Computer Share is a registry (the others that I know of are linkmarketservices.com.au and registries.com.au). They handle the administration of a company's share registry.

Use their websites to set up payment details for dividends, and get the tax information.


----------



## sly (21 July 2009)

shiftyphil said:


> Computer Share is a registry (the others that I know of are linkmarketservices.com.au and registries.com.au). They handle the administration of a company's share registry.
> 
> Use their websites to set up payment details for dividends, and get the tax information.




Thanks for that


----------



## johnnyblacksmith (20 January 2013)

*Computershare.com*

Hi all,

Firstly, apologies if these are rookie questions.

I recently started trading and bought some stock that pays dividends as well as one that doesn't.

I received a letter from both securities in the mail, both asking me to register with computershare.com.

I received the one from the non-dividend paying security first and just ignored the letter thinking it was not essential to register. However, the other letter from the company that pays dividends is asking for my TFN to be registered on computershare.com.

My questions are basically this, do I need to actually register with computershare and provide my TFN to them? I already provided my TFN to my broker, so I thought all the withheld tax would be sorted out by my broker when diivies are paid. Why do I need to provide my TFN to a share registrar? Will I need to do the same all over again to other share registrars if other companies I invest in aren't with computershare?

Side question, if I do need to register with computershare, is it free? It looks like it is, so how does this company pull a profit if they don't charge us?

If the air could be cleared for me on this, I'll muchly appreciate it!

Thanks.


----------



## McLovin (20 January 2013)

*Re: computershare.com*

Your broker cannot pass your TFN on to a share registry, it would be highly illegal. When you go to their website you create an account that will have all your shareholdings which CS is the registry listed. You need to manually enter the TFN everytime you buy a new company, they cannot automatically assign your TFN even if you have already quoted it. 



			
				johnnyblacksmith said:
			
		

> Side question, if I do need to register with computershare, is it free? It looks like it is, so how does this company pull a profit if they don't charge us?

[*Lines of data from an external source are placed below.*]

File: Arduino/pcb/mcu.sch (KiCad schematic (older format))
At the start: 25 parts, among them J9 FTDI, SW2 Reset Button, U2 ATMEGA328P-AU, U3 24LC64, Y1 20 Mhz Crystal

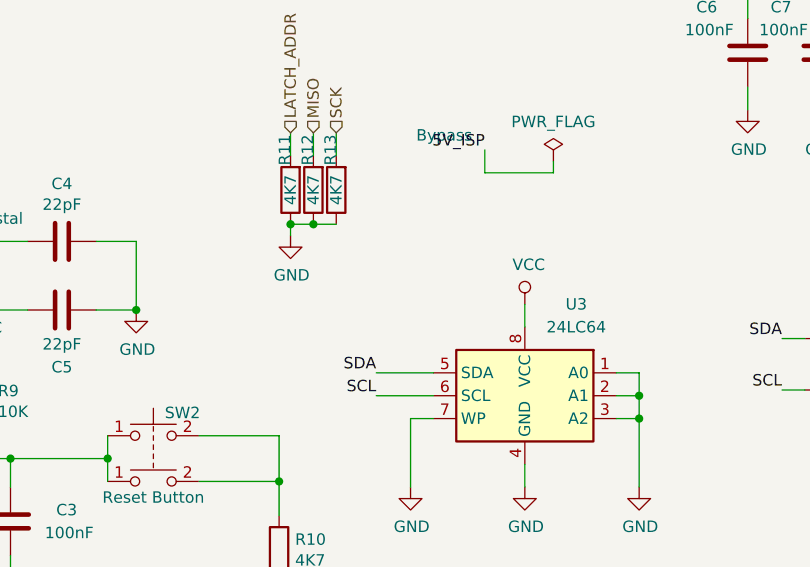
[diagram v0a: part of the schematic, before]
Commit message: pcb: mcu: add and route I2C pull up resistors
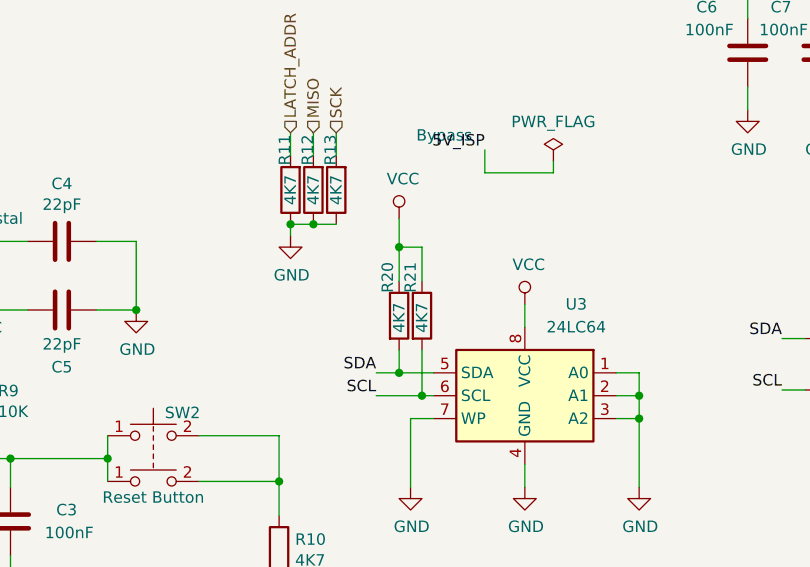
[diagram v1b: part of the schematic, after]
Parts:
- added R20, R21: 4K7, Resistor_SMD:R_0805_2012Metric, symbol Device:R
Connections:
- net SCL: now also R21.2
- net SDA: now also R20.2
- net VCC: now also R20.1, R21.1
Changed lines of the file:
@@
 RESET
 Wire Wire Line
-	8425 3550 8675 3550
-Wire Wire Line
-	8425 3650 8675 3650
+	8425 3550 8525 3550
 $Bitmap
 Pos 2000 2125
@@
 EndData
 $EndBitmap
+$Comp
+L Device:R R21
+U 1 1 5D785D49
+P 8625 3300
+F 0 "R21" V 8575 3400 50  0000 L CNN
+F 1 "4K7" V 8625 3225 50  0000 L CNN
+F 2 "Resistor_SMD:R_0805_2012Metric" V 8555 3300 50  0001 C CNN
+F 3 "~" H 8625 3300 50  0001 C CNN
+	1    8625 3300
+	1    0    0    -1
+$EndComp
+$Comp
+L Device:R R20
+U 1 1 5D78678B
+P 8525 3300
+F 0 "R20" V 8475 3400 50  0000 L CNN
+F 1 "4K7" V 8525 3225 50  0000 L CNN
+F 2 "Resistor_SMD:R_0805_2012Metric" V 8455 3300 50  0001 C CNN
+F 3 "~" H 8525 3300 50  0001 C CNN
+	1    8525 3300
+	1    0    0    -1
+$EndComp
+Wire Wire Line
+	8625 3450 8625 3650
+Connection ~ 8625 3650
+Wire Wire Line
+	8625 3650 8675 3650
+Wire Wire Line
+	8425 3650 8625 3650
+Wire Wire Line
+	8525 3450 8525 3550
+Connection ~ 8525 3550
+Wire Wire Line
+	8525 3550 8675 3550
+Wire Wire Line
+	8525 3150 8525 3000
+Wire Wire Line
+	8625 3150 8625 3000
+Wire Wire Line
+	8625 3000 8525 3000
+Wire Wire Line
+	8525 3000 8525 2875
+Connection ~ 8525 3000
+$Comp
+L power:VCC #PWR0101
+U 1 1 5D7ACF72
+P 8525 2875
+F 0 "#PWR0101" H 8525 2725 50  0001 C CNN
+F 1 "VCC" H 8542 3048 50  0000 C CNN
+F 2 "" H 8525 2875 50  0001 C CNN
+F 3 "" H 8525 2875 50  0001 C CNN
+	1    8525 2875
+	1    0    0    -1
+$EndComp
 $EndSCHEMATC

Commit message: pcb: use OR gate between FTDI and RS485 TX lines
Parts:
- added U5: 74AHCT1G32, Package_TO_SOT_SMD:SOT-23-5, symbol 74xGxx:74AHCT1G32
- R7, R8: value 100R -> 4k7
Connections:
- wire segments 109 -> 116
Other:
- moved on the sheet: C3
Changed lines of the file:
@@
 	7650 4025 8000 4025
 $Comp
-L Device:C C3
-U 1 1 5CCED101
-P 6825 4200
-F 0 "C3" H 7025 4250 50  0000 L CNN
-F 1 "100nF" H 6975 4150 50  0000 L CNN
-F 2 "Capacitor_SMD:C_0805_2012Metric" H 6863 4050 50  0001 C CNN
-F 3 "~" H 6825 4200 50  0001 C CNN
-	1    6825 4200
-	1    0    0    -1
-$EndComp
-$Comp
 L Device:R R10
 U 1 1 5CCED110
@@
 Wire Wire Line
 	8000 4525 8000 4475
-Wire Wire Line
-	7400 4850 6825 4850
-Connection ~ 6825 3925
 Text HLabel 7225 5150 0    50   Output ~ 0
 5V_ISP
@@
 	5825 3925 6500 3925
 Wire Wire Line
-	6825 3925 7250 3925
-Wire Wire Line
 	6700 3825 6700 3925
 Connection ~ 6700 3925
-Wire Wire Line
-	6700 3925 6825 3925
 Connection ~ 7375 3275
-Wire Wire Line
-	6825 3925 6825 4050
-Text HLabel 6325 5050 0    50   Input ~ 0
-RX
-Text HLabel 6325 4950 0    50   Output ~ 0
+Text HLabel 5950 5100 0    50   Output ~ 0
 TX
 Wire Wire Line
-	6825 4350 6825 4850
-Wire Wire Line
-	5825 4175 6425 4175
-Wire Wire Line
-	6525 4075 5825 4075
-Wire Wire Line
-	7400 5050 6625 5050
-Wire Wire Line
-	6625 5050 6625 4450
-Wire Wire Line
-	6675 4350 6675 4950
-Wire Wire Line
-	7400 4950 6675 4950
-Wire Wire Line
-	6325 4950 6425 4950
-Wire Wire Line
-	6325 5050 6525 5050
-$Comp
-L Device:R R7
-U 1 1 5CFC6CB8
-P 6425 4700
-F 0 "R7" H 6275 4850 50  0000 L CNN
-F 1 "100R" V 6425 4600 50  0000 L CNN
-F 2 "Resistor_SMD:R_0805_2012Metric" V 6355 4700 50  0001 C CNN
-F 3 "~" H 6425 4700 50  0001 C CNN
-	1    6425 4700
-	1    0    0    -1
-$EndComp
-Wire Wire Line
-	6425 4950 6425 4850
-$Comp
-L Device:R R8
-U 1 1 5CFCA336
-P 6525 4700
-F 0 "R8" H 6425 4850 50  0000 L CNN
-F 1 "100R" V 6525 4600 50  0000 L CNN
-F 2 "Resistor_SMD:R_0805_2012Metric" V 6455 4700 50  0001 C CNN
-F 3 "~" H 6525 4700 50  0001 C CNN
-	1    6525 4700
-	1    0    0    -1
-$EndComp
-Wire Wire Line
-	6525 5050 6525 4850
+	5825 4175 6050 4175
 $Comp
 L Device:C C?
@@
 	9200 2625 9200 2675
 Wire Wire Line
-	6425 4175 6425 4350
-Wire Wire Line
-	6525 4075 6525 4450
-Wire Wire Line
-	6675 4350 6425 4350
-Connection ~ 6425 4350
-Wire Wire Line
-	6425 4350 6425 4550
-Wire Wire Line
-	6625 4450 6525 4450
-Connection ~ 6525 4450
-Wire Wire Line
-	6525 4450 6525 4550
-Wire Wire Line
 	8250 2900 8150 2900
 Wire Wire Line
@@
 	1    0    0    -1
 $EndComp
+$Comp
+L 74xGxx:74AHCT1G32 U5
+U 1 1 5D9A3C33
+P 6425 5100
+F 0 "U5" H 6375 5250 50  0000 R CNN
+F 1 "74AHCT1G32" H 6675 4925 50  0000 R CNN
+F 2 "Package_TO_SOT_SMD:SOT-23-5" H 6425 5100 50  0001 C CNN
+F 3 "http://www.ti.com/lit/sg/scyt129e/scyt129e.pdf" H 6425 5100 50  0001 C CNN
+	1    6425 5100
+	-1   0    0    -1
+$EndComp
+$Comp
+L power:GND #PWR047
+U 1 1 5D9DCC48
+P 6425 5300
+F 0 "#PWR047" H 6425 5050 50  0001 C CNN
+F 1 "GND" H 6430 5127 50  0000 C CNN
+F 2 "" H 6425 5300 50  0001 C CNN
+F 3 "" H 6425 5300 50  0001 C CNN
+	1    6425 5300
+	-1   0    0    -1
+$EndComp
+$Comp
+L power:VCC #PWR046
+U 1 1 5D9E0DFB
+P 6425 4900
+F 0 "#PWR046" H 6425 4750 50  0001 C CNN
+F 1 "VCC" H 6442 5073 50  0000 C CNN
+F 2 "" H 6425 4900 50  0001 C CNN
+F 3 "" H 6425 4900 50  0001 C CNN
+	1    6425 4900
+	-1   0    0    -1
+$EndComp
+Text HLabel 5950 5225 0    50   Input ~ 0
+RX
+Connection ~ 6050 4175
+Wire Wire Line
+	5950 5100 6050 5100
+Wire Wire Line
+	6050 4175 6050 5100
+Wire Wire Line
+	5825 4075 6125 4075
+Wire Wire Line
+	6125 4075 6125 5100
+Wire Wire Line
+	6125 5100 6175 5100
+$Comp
+L Device:R R7
+U 1 1 5D96B9DF
+P 6725 4750
+F 0 "R7" V 6650 4875 50  0000 L CNN
+F 1 "4k7" V 6725 4675 50  0000 L CNN
+F 2 "Resistor_SMD:R_0805_2012Metric" V 6655 4750 50  0001 C CNN
+F 3 "~" H 6725 4750 50  0001 C CNN
+	1    6725 4750
+	1    0    0    -1
+$EndComp
+$Comp
+L Device:R R8
+U 1 1 5D973982
+P 6825 4750
+F 0 "R8" V 6775 4875 50  0000 L CNN
+F 1 "4k7" V 6825 4675 50  0000 L CNN
+F 2 "Resistor_SMD:R_0805_2012Metric" V 6755 4750 50  0001 C CNN
+F 3 "~" H 6825 4750 50  0001 C CNN
+	1    6825 4750
+	1    0    0    -1
+$EndComp
+Wire Wire Line
+	6425 5000 6425 4900
+Wire Wire Line
+	6425 5200 6425 5300
+Wire Wire Line
+	6725 5575 6050 5575
+Wire Wire Line
+	6050 5575 6050 5225
+Wire Wire Line
+	6050 5225 5950 5225
+Wire Wire Line
+	6725 5150 6725 5575
+$Comp
+L Device:C C3
+U 1 1 5CCED101
+P 7150 4250
+F 0 "C3" H 7350 4300 50  0000 L CNN
+F 1 "100nF" H 7300 4200 50  0000 L CNN
+F 2 "Capacitor_SMD:C_0805_2012Metric" H 7188 4100 50  0001 C CNN
+F 3 "~" H 7150 4250 50  0001 C CNN
+	1    7150 4250
+	1    0    0    -1
+$EndComp
+Wire Wire Line
+	6050 4175 7000 4175
+Wire Wire Line
+	7150 4100 7150 3925
+Connection ~ 7150 3925
+Wire Wire Line
+	7150 3925 7250 3925
+Wire Wire Line
+	6700 3925 7150 3925
+$Comp
+L power:VCC #PWR048
+U 1 1 5DA39DEA
+P 6825 4450
+F 0 "#PWR048" H 6825 4300 50  0001 C CNN
+F 1 "VCC" H 6842 4623 50  0000 C CNN
+F 2 "" H 6825 4450 50  0001 C CNN
+F 3 "" H 6825 4450 50  0001 C CNN
+	1    6825 4450
+	1    0    0    -1
+$EndComp
+Wire Wire Line
+	6825 4600 6825 4500
+Wire Wire Line
+	6725 4600 6725 4500
+Wire Wire Line
+	6725 4500 6825 4500
+Connection ~ 6825 4500
+Wire Wire Line
+	6825 4500 6825 4450
+Wire Wire Line
+	7000 4950 7400 4950
+Wire Wire Line
+	7000 4175 7000 4950
+Wire Wire Line
+	7150 4850 7400 4850
+Wire Wire Line
+	7150 4400 7150 4850
+Connection ~ 6725 5050
+Wire Wire Line
+	6725 5050 7400 5050
+Wire Wire Line
+	6725 5150 6825 5150
+Connection ~ 6725 5150
+Wire Wire Line
+	6725 4900 6725 5050
+Wire Wire Line
+	6825 4900 6825 5150
 $EndSCHEMATC

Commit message: pcb: mcu: replace OR by AND gate / use pullups on TX pins
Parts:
- removed U5: 74AHCT1G32, Package_TO_SOT_SMD:SOT-23-5, symbol 74xGxx:74AHCT1G32
- added U5: 74AHC1G08, Package_TO_SOT_SMD:SOT-23-5, symbol 74xGxx:74AHC1G08
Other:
- moved on the sheet: C6, C7, R10, R11, R12, R13, R20, R21, SW2, TP1, TP2, TP3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

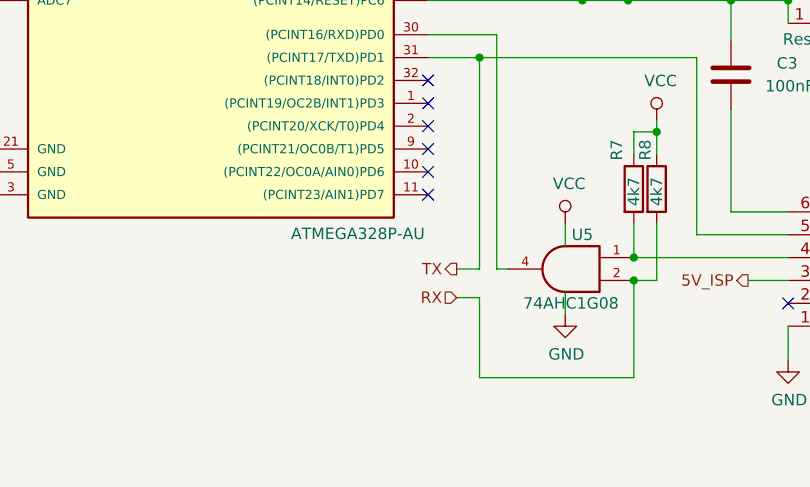
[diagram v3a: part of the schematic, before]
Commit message: pcb: mcu / bus: improve TX/RX labels for RS485 transceiver
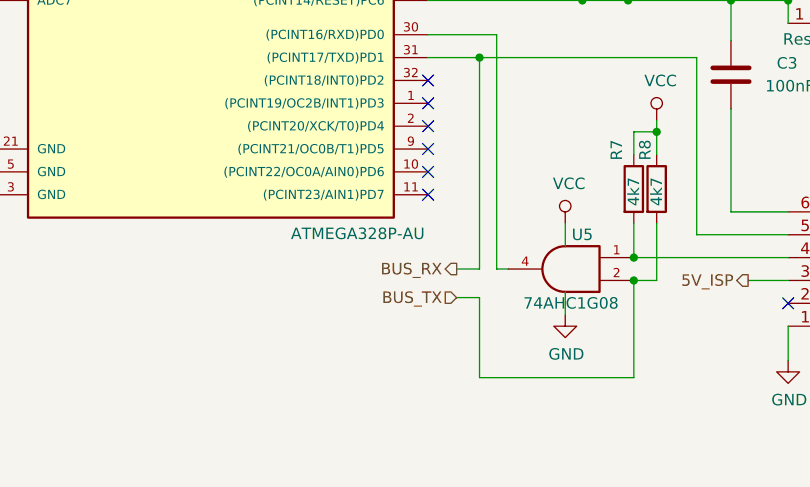
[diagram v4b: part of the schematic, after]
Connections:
- net RX renamed BUS_TX
- net TX renamed BUS_RX
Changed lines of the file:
@@
 $Descr A4 11693 8268
 encoding utf-8
-Sheet 5 6
+Sheet 6 6
 Title ""
 Date ""
@@
 Connection ~ 6700 3925
 Connection ~ 7375 3275
-Text HLabel 5950 5100 0    50   Output ~ 0
-TX
 Wire Wire Line
 	5825 4175 6050 4175
@@
 	1    0    0    -1
 $EndComp
-Text HLabel 5950 5225 0    50   Input ~ 0
-RX
 Connection ~ 6050 4175
 Wire Wire Line
@@
 	1    0    0    -1
 $EndComp
+Text HLabel 5950 5225 0    50   Input ~ 0
+BUS_TX
+Text HLabel 5950 5100 0    50   Output ~ 0
+BUS_RX
 $EndSCHEMATC

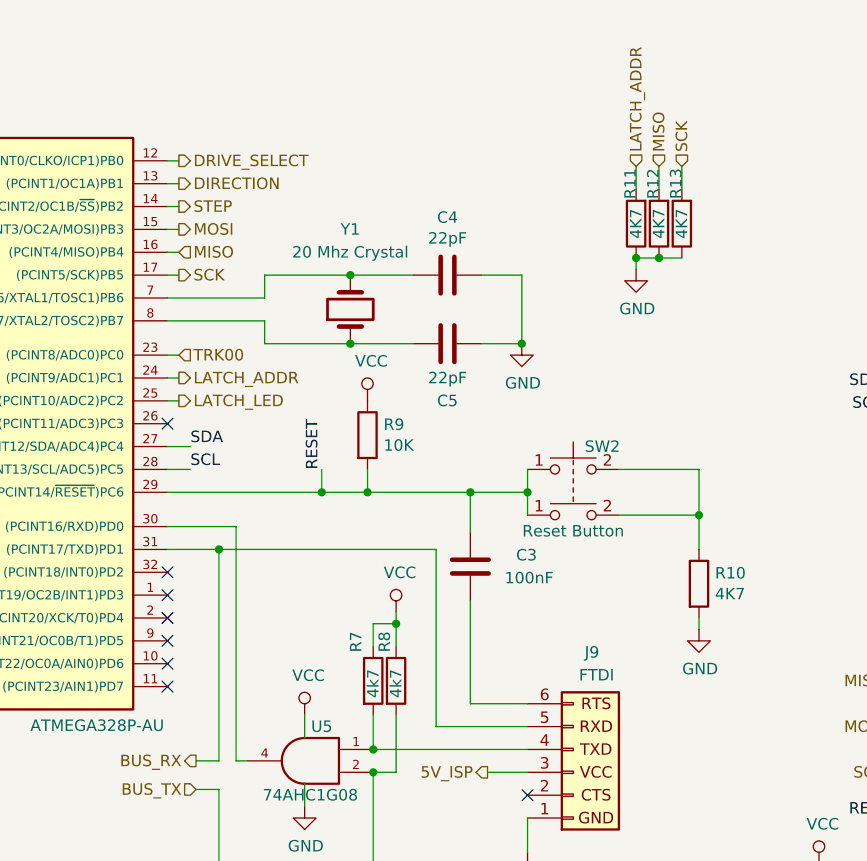
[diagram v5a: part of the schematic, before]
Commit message: pcb / floppy: remove 4094 shift register / connect address connector directly
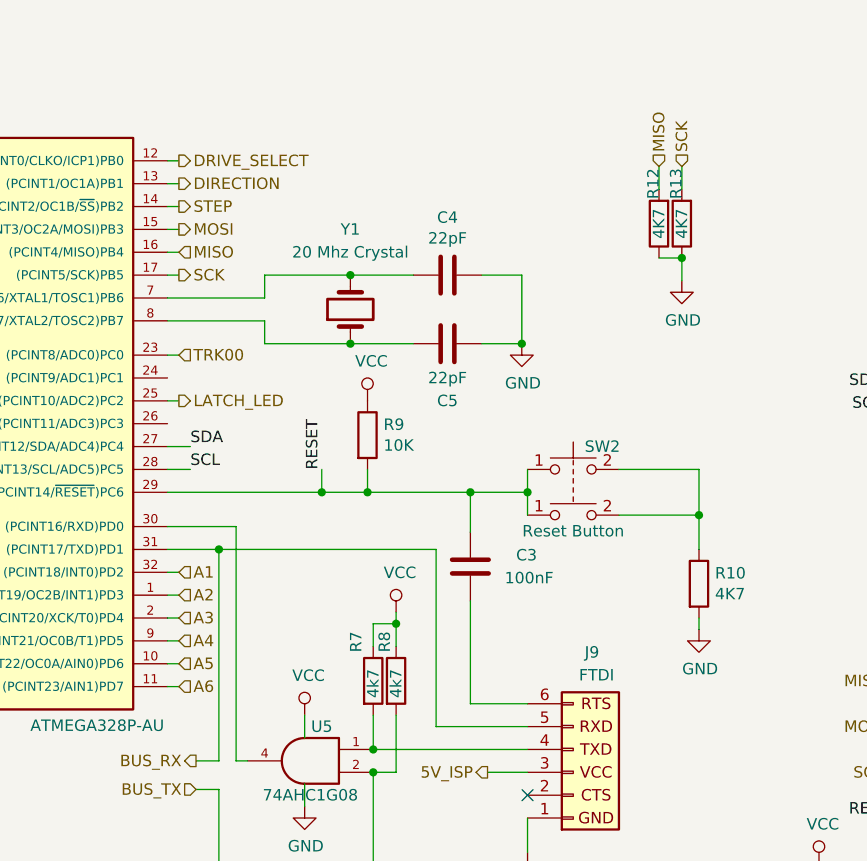
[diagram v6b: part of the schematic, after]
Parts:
- removed R11: 4K7, Resistor_SMD:R_0805_2012Metric, symbol Device:R
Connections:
- net A2: now reaches U2.1 ((PCINT19/OC2B/INT1)PD3)
- net A5: now reaches U2.10 ((PCINT22/OC0A/AIN0)PD6)
- net A6: now reaches U2.11 ((PCINT23/AIN1)PD7)
- net A3: now reaches U2.2 ((PCINT20/XCK/T0)PD4)
- net A1: now reaches U2.32 ((PCINT18/INT0)PD2)
- net A4: now reaches U2.9 ((PCINT21/OC0B/T1)PD5)
- net LATCH_ADDR: no longer names the net of U2.24 ((PCINT9/ADC1)PC1)
- no-connect marks 11 -> 4
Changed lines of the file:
@@
 Comment4 ""
 $EndDescr
-NoConn ~ 5825 3625
-NoConn ~ 5825 4775
-NoConn ~ 5825 4675
-NoConn ~ 5825 4575
-NoConn ~ 5825 4475
-NoConn ~ 5825 4375
-NoConn ~ 5825 4275
 NoConn ~ 3925 3925
 NoConn ~ 3925 3825
@@
 	6250 3175 6250 3275
 Wire Wire Line
-	5825 3425 5875 3425
-Wire Wire Line
 	5825 3325 5875 3325
 Wire Wire Line
@@
 	0    -1   -1   0
 $EndComp
-$Comp
-L floppyorgel-rescue:ATMEGA328P-AU-atmel U?
-U 1 1 5CC6668C
-P 4825 3575
-AR Path="/5CC6668C" Ref="U?"  Part="1"
-AR Path="/5CCFEC3E/5CC6668C" Ref="U2"  Part="1"
-F 0 "U2" H 4075 4825 50  0000 L BNN
-F 1 "ATMEGA328P-AU" H 5225 2175 50  0000 L BNN
-F 2 "Package_QFP:LQFP-32_7x7mm_P0.8mm" H 4825 3575 50  0001 C CIN
-F 3 "" H 4825 3575 50  0001 C CNN
-	1    4825 3575
-	1    0    0    -1
-$EndComp
 Text HLabel 5875 2475 2    50   Output ~ 0
 DRIVE_SELECT
@@
 Text HLabel 5875 3325 2    50   Input ~ 0
 TRK00
-Text HLabel 5875 3425 2    50   Output ~ 0
-LATCH_ADDR
-Text HLabel 5875 3525 2    50   Output ~ 0
-LATCH_LED
 $Comp
 L ftdi:FTDI J9
@@
 Bypass
 Wire Wire Line
-	7875 2500 7875 2600
-Wire Wire Line
 	8075 2500 8075 2600
 Wire Wire Line
 	7975 2500 7975 2600
-Wire Wire Line
-	7875 2900 7875 2950
-$Comp
-L power:GND #PWR?
-U 1 1 5D158700
-P 7875 2950
-AR Path="/5D158700" Ref="#PWR?"  Part="1"
-AR Path="/5CCFEC3E/5D158700" Ref="#PWR025"  Part="1"
-F 0 "#PWR025" H 7875 2700 50  0001 C CNN
-F 1 "GND" H 7880 2777 50  0000 C CNN
-F 2 "" H 7875 2950 50  0001 C CNN
-F 3 "" H 7875 2950 50  0001 C CNN
-	1    7875 2950
-	1    0    0    -1
-$EndComp
-Text HLabel 7875 2500 1    50   Input ~ 0
-LATCH_ADDR
 Text HLabel 7975 2500 1    50   Input ~ 0
 MISO
@@
 	-1   0    0    1
 $EndComp
-$Comp
-L Device:R R?
-U 1 1 5D1586DC
-P 7875 2750
-AR Path="/5D1586DC" Ref="R?"  Part="1"
-AR Path="/5CCFEC3E/5D1586DC" Ref="R11"  Part="1"
-F 0 "R11" V 7900 2575 50  0000 C CNN
-F 1 "4K7" V 7875 2750 50  0000 C CNN
-F 2 "Resistor_SMD:R_0805_2012Metric" V 7805 2750 50  0001 C CNN
-F 3 "~" H 7875 2750 50  0001 C CNN
-	1    7875 2750
-	-1   0    0    1
-$EndComp
 NoConn ~ 3925 3075
 $Comp
@@
 Wire Wire Line
 	8075 2900 7975 2900
-Wire Wire Line
-	7975 2900 7875 2900
-Connection ~ 7975 2900
-Connection ~ 7875 2900
 $Comp
 L Memory_EEPROM:24LC64 U3
@@
 	1    0    0    -1
 $EndComp
+Text HLabel 5875 4375 2    50   Input ~ 0
+A2
+Text HLabel 5875 4475 2    50   Input ~ 0
+A3
+Text HLabel 5875 4575 2    50   Input ~ 0
+A4
+Text HLabel 5875 4675 2    50   Input ~ 0
+A5
+Text HLabel 5875 4775 2    50   Input ~ 0
+A6
+$Comp
+L floppyorgel-rescue:ATMEGA328P-AU-atmel U?
+U 1 1 5CC6668C
+P 4825 3575
+AR Path="/5CC6668C" Ref="U?"  Part="1"
+AR Path="/5CCFEC3E/5CC6668C" Ref="U2"  Part="1"
+F 0 "U2" H 4075 4825 50  0000 L BNN
+F 1 "ATMEGA328P-AU" H 5225 2175 50  0000 L BNN
+F 2 "Package_QFP:LQFP-32_7x7mm_P0.8mm" H 4825 3575 50  0001 C CIN
+F 3 "" H 4825 3575 50  0001 C CNN
+	1    4825 3575
+	1    0    0    -1
+$EndComp
+Wire Wire Line
+	5825 4375 5875 4375
+Wire Wire Line
+	5825 4475 5875 4475
+Wire Wire Line
+	5825 4575 5875 4575
+Wire Wire Line
+	5825 4675 5875 4675
+Wire Wire Line
+	5825 4775 5875 4775
+Wire Wire Line
+	5825 4275 5875 4275
+Text HLabel 5875 4275 2    50   Input ~ 0
+A1
+Text HLabel 5875 3525 2    50   Output ~ 0
+LATCH_LED
+$Comp
+L power:GND #PWR?
+U 1 1 5D158700
+P 8075 3000
+AR Path="/5D158700" Ref="#PWR?"  Part="1"
+AR Path="/5CCFEC3E/5D158700" Ref="#PWR025"  Part="1"
+F 0 "#PWR025" H 8075 2750 50  0001 C CNN
+F 1 "GND" H 8080 2827 50  0000 C CNN
+F 2 "" H 8075 3000 50  0001 C CNN
+F 3 "" H 8075 3000 50  0001 C CNN
+	1    8075 3000
+	1    0    0    -1
+$EndComp
+Wire Wire Line
+	8075 2900 8075 3000
+Connection ~ 8075 2900
 $EndSCHEMATC

The company you are invested in pays Computershare an annual fee to maintain their registry.


----------



## pixel (20 January 2013)

*Re: computershare.com*



johnnyblacksmith said:


> Hi all,
> 
> Firstly, apologies if these are rookie questions.
> 
> ...



Welcome to ASF, JB.
Glad you ask those questions - we're a helpful bunch 

Some brokers do keep the registry updated; some don't. I cannot verify McLovin's reply about TFNs because I trade through companies, for which I have ABNs, and those are indeed copied without my doing. I may also have, when I registered my HINs with Computershare, permitted them to apply these details automatically.
In any case, I find it beneficial to have my ABN/ TFN known because then I receive all and any payments without tax being deducted; I rather prefer it that way and let my Accountant sort it out with the Tax Office at the end of each FY.

Share registrars are paid by the company whose share register they keep; to investors, the service is free.

There are other benefits in keeping your information updated at the Registry:

You can opt to receive an email whenever announcements and reports are available. That benefits both you and your company.
Some companies offer to pay dividends directly into your bank account - provided you tell them the details.
It may also be possible to proxy-vote at AGMs that you can't attend yourself.
In over 10 years of using those services, I haven't found a single instance where my private information had been compromised.


----------



## McLovin (20 January 2013)

*Re: computershare.com*



pixel said:


> Welcome to ASF, JB.
> Glad you ask those questions - we're a helpful bunch
> 
> Some brokers do keep the registry updated; some don't. I cannot verify McLovin's reply about TFNs because I trade through companies, for which I have ABNs, and those are indeed copied without my doing. I may also have, when I registered my HINs with Computershare, permitted them to apply these details automatically.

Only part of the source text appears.